# Over wintering in nucs?



## alleyyooper (Apr 22, 2005)

Have seen bits and peices on over wintering bees in nuc boxes even this far north.
Any body have any comments on how it is done?
I was wondering if I could over wither my double nucs this way. My double nucs are a normal deep with a divider in the middle with 5 frames on either side.

 Al


----------



## Terri (May 10, 2002)

The gent in Kansas who taught me about bees would place his double nucs on the south side of a building, and he said most would live.

Then again, there is a bit of a DIFFERENCE between Kansas and Michigan!


----------



## Mountaineer (Jan 1, 2006)

Any way you could fed the heck out of them into a full deep?
Or how about pinching one queen and over wintering the one single deep?

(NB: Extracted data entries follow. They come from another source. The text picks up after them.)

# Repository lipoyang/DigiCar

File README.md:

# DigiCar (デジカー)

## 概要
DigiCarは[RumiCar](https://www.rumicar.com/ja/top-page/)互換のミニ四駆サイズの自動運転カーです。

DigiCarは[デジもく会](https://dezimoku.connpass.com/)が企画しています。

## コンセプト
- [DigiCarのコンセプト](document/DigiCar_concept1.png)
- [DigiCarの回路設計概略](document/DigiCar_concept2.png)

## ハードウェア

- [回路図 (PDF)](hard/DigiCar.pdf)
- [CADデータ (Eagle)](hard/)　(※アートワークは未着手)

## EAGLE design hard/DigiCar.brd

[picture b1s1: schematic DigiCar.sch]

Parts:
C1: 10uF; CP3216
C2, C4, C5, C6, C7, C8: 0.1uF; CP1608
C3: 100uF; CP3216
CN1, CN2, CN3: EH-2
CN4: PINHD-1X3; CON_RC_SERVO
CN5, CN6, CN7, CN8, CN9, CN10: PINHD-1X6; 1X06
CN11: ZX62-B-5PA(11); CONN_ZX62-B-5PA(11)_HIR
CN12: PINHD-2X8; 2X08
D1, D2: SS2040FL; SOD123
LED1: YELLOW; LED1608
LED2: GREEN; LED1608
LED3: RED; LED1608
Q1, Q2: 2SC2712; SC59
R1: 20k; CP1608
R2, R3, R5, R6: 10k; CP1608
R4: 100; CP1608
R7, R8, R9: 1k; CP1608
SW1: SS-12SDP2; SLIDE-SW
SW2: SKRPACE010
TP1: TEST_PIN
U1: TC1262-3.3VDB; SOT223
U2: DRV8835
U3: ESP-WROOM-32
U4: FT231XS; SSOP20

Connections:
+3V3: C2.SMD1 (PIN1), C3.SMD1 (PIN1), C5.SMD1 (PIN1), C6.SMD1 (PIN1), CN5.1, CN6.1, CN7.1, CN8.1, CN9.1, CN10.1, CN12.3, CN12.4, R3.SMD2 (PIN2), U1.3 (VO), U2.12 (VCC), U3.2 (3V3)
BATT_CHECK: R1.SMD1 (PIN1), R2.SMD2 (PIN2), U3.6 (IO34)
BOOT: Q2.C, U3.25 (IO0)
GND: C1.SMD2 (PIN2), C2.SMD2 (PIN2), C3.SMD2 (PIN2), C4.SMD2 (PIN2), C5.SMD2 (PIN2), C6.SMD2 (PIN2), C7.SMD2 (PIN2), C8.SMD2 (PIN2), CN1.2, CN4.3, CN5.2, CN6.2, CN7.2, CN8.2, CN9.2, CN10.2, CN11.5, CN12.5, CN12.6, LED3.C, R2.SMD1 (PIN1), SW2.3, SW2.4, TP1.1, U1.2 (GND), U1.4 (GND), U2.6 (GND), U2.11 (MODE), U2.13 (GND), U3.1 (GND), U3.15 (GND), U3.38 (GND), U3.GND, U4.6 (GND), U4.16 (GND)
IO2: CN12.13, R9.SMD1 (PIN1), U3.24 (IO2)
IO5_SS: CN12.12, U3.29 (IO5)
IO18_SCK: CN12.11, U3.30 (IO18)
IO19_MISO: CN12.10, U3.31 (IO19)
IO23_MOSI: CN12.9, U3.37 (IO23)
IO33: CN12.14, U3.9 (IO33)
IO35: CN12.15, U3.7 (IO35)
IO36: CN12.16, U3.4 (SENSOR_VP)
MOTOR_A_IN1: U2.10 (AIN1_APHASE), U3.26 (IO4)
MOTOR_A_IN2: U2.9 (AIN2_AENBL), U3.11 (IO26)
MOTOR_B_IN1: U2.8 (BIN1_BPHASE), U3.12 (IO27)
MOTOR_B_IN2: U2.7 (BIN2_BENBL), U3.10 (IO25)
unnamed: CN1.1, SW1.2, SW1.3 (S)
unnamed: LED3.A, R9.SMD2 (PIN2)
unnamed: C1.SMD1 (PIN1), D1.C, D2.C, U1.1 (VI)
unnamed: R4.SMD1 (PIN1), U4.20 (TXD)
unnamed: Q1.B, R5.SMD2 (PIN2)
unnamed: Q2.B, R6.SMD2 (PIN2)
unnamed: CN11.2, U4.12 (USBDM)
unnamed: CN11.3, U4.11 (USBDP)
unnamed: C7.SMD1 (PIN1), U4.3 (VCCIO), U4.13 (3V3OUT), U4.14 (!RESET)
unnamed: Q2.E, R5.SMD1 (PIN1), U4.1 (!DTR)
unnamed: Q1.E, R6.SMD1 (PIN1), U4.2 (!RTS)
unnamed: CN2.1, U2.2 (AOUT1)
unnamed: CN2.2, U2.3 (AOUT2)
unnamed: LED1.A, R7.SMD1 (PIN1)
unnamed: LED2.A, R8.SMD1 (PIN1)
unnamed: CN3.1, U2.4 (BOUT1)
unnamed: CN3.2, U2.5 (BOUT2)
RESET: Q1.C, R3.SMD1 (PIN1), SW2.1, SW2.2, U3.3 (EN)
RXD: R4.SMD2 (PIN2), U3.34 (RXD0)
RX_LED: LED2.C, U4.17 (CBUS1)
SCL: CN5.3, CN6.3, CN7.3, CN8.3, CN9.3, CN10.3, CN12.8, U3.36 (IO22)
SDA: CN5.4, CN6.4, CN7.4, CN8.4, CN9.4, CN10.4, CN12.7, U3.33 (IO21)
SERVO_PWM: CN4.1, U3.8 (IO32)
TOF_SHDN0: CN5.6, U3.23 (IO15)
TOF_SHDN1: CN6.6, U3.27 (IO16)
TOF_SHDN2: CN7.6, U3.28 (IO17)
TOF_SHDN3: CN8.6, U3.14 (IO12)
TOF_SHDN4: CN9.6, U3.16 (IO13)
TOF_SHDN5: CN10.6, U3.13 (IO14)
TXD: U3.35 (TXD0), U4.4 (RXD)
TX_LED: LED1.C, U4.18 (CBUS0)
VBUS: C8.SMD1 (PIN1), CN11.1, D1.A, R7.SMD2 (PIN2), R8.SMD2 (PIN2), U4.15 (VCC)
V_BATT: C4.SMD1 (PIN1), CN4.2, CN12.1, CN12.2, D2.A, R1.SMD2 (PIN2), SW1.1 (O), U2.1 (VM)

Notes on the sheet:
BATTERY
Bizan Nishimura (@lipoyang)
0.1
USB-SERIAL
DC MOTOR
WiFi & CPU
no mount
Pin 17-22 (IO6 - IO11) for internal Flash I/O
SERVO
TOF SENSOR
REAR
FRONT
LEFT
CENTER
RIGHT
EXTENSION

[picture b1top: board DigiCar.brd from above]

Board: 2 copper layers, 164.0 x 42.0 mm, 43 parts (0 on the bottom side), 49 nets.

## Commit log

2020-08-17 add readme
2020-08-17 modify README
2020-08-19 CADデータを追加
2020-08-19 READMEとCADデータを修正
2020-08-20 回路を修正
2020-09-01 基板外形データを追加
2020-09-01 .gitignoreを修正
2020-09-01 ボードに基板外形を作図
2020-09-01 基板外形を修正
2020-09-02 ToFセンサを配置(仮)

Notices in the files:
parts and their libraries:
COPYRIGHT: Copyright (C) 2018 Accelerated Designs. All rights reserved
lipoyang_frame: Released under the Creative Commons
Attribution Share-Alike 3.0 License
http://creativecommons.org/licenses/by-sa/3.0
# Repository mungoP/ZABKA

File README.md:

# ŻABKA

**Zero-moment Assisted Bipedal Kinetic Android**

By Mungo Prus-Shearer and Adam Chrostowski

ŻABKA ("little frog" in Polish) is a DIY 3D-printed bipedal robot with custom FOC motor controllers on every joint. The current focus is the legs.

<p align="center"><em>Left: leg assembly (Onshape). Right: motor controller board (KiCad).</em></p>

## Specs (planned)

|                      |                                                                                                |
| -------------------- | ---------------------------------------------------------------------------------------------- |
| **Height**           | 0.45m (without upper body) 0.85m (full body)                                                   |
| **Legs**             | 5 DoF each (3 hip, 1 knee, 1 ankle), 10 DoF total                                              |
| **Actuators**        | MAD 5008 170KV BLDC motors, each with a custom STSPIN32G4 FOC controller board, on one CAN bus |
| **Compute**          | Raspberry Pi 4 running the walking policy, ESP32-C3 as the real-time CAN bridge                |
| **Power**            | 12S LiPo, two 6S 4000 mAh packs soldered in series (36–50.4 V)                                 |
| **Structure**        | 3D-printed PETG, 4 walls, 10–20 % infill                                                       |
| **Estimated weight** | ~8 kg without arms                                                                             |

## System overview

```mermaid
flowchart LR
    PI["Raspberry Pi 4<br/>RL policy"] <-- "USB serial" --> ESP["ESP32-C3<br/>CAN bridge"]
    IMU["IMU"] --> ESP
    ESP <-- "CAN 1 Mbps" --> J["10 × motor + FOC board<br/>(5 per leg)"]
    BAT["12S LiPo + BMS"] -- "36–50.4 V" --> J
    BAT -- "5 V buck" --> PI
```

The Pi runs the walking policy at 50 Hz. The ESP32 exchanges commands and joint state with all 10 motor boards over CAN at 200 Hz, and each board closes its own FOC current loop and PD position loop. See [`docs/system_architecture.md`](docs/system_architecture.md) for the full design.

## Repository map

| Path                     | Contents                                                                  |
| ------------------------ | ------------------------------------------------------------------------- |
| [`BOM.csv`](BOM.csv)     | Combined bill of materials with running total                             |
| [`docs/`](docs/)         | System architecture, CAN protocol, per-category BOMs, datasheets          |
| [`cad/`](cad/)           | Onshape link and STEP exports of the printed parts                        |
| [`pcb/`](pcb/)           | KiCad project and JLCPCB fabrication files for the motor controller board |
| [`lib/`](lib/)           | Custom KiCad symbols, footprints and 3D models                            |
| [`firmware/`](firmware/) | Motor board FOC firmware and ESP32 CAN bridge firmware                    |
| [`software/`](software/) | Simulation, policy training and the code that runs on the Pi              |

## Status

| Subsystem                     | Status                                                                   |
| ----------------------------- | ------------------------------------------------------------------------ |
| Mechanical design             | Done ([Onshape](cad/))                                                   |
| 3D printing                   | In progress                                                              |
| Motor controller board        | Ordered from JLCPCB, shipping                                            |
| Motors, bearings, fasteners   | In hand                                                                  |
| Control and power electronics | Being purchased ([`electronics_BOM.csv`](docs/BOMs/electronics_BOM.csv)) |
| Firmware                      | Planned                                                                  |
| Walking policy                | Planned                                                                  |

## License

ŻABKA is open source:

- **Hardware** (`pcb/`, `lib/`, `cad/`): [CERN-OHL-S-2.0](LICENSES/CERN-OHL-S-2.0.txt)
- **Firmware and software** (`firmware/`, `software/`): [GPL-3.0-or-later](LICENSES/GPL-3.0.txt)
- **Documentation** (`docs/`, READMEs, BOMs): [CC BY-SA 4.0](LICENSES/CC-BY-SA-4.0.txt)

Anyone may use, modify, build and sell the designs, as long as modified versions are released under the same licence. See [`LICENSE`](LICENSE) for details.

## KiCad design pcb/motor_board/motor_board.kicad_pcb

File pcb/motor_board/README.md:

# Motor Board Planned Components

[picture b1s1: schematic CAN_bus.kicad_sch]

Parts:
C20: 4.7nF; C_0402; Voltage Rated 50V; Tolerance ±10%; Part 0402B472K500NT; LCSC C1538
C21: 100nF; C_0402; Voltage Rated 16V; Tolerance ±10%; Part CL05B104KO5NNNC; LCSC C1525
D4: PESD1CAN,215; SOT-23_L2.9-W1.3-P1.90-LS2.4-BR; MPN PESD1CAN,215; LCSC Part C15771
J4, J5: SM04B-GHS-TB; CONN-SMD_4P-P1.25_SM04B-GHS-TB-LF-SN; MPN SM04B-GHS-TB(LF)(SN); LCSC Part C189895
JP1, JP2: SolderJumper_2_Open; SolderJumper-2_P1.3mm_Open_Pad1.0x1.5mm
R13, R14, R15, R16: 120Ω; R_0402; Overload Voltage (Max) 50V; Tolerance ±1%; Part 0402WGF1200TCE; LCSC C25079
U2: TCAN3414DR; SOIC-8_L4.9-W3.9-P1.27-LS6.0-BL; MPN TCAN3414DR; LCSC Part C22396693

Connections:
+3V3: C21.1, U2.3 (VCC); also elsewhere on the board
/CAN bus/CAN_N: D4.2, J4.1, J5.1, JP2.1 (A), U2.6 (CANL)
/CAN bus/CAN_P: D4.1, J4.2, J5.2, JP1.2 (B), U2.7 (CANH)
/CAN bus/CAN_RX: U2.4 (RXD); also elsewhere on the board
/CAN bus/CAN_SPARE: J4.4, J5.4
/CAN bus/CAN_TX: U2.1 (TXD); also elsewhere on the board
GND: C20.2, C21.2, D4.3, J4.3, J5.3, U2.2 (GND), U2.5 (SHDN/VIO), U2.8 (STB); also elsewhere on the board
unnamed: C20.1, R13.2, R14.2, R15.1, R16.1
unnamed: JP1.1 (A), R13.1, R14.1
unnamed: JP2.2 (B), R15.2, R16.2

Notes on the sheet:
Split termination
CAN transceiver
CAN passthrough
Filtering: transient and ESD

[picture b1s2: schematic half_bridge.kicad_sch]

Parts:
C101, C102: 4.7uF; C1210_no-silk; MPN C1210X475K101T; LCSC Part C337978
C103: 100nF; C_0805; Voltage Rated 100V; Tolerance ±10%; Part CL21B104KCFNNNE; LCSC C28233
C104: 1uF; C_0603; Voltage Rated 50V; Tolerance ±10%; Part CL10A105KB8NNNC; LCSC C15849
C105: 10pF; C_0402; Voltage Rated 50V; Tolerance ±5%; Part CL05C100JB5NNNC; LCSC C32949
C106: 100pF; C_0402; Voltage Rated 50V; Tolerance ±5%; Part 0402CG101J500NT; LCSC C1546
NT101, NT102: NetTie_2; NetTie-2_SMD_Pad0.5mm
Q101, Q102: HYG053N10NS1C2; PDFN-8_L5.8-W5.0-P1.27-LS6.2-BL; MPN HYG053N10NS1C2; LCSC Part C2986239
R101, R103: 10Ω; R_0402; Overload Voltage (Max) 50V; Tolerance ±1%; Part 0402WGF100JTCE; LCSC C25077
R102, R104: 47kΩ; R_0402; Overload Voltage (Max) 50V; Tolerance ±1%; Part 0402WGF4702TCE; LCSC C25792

Over wintering a single deep is hard enough where I live (cold), so what I've done in stack hives, so the heat from the bottom one goes up into the smaller top one. Then four to a skid, wrapped in styrofoam/tarpaper.....
But nucs- that's tough as they'll need food stores.


----------



## alleyyooper (Apr 22, 2005)

Only tried to over winter in one single deep once. Didn't have good results with it. I think the cluster size was to large really.

Here is my double nuc set up. The front entrance are the openings closed, the rear openings just fit a boardman feeder. Yes I use SBB for the double nucs too.










Deep with divider board in place. I use screening over the front vent hole. Some times I do plug the hole though.










With five frames in place.










With half of the intercover on.










With both intercovers on.










Entrance and feeder view. This one is in use too.










Showes both entrances and plug in vent hole. Also the feed jar was empty.










 Al


----------



## alleyyooper (Apr 22, 2005)

this is one of my regular single 5 frame nucs. I wish I could find a short gallon or 1/2 gallon jar that fit under the cover. They can and do go thru a quart of syrup in a day.










 Al


----------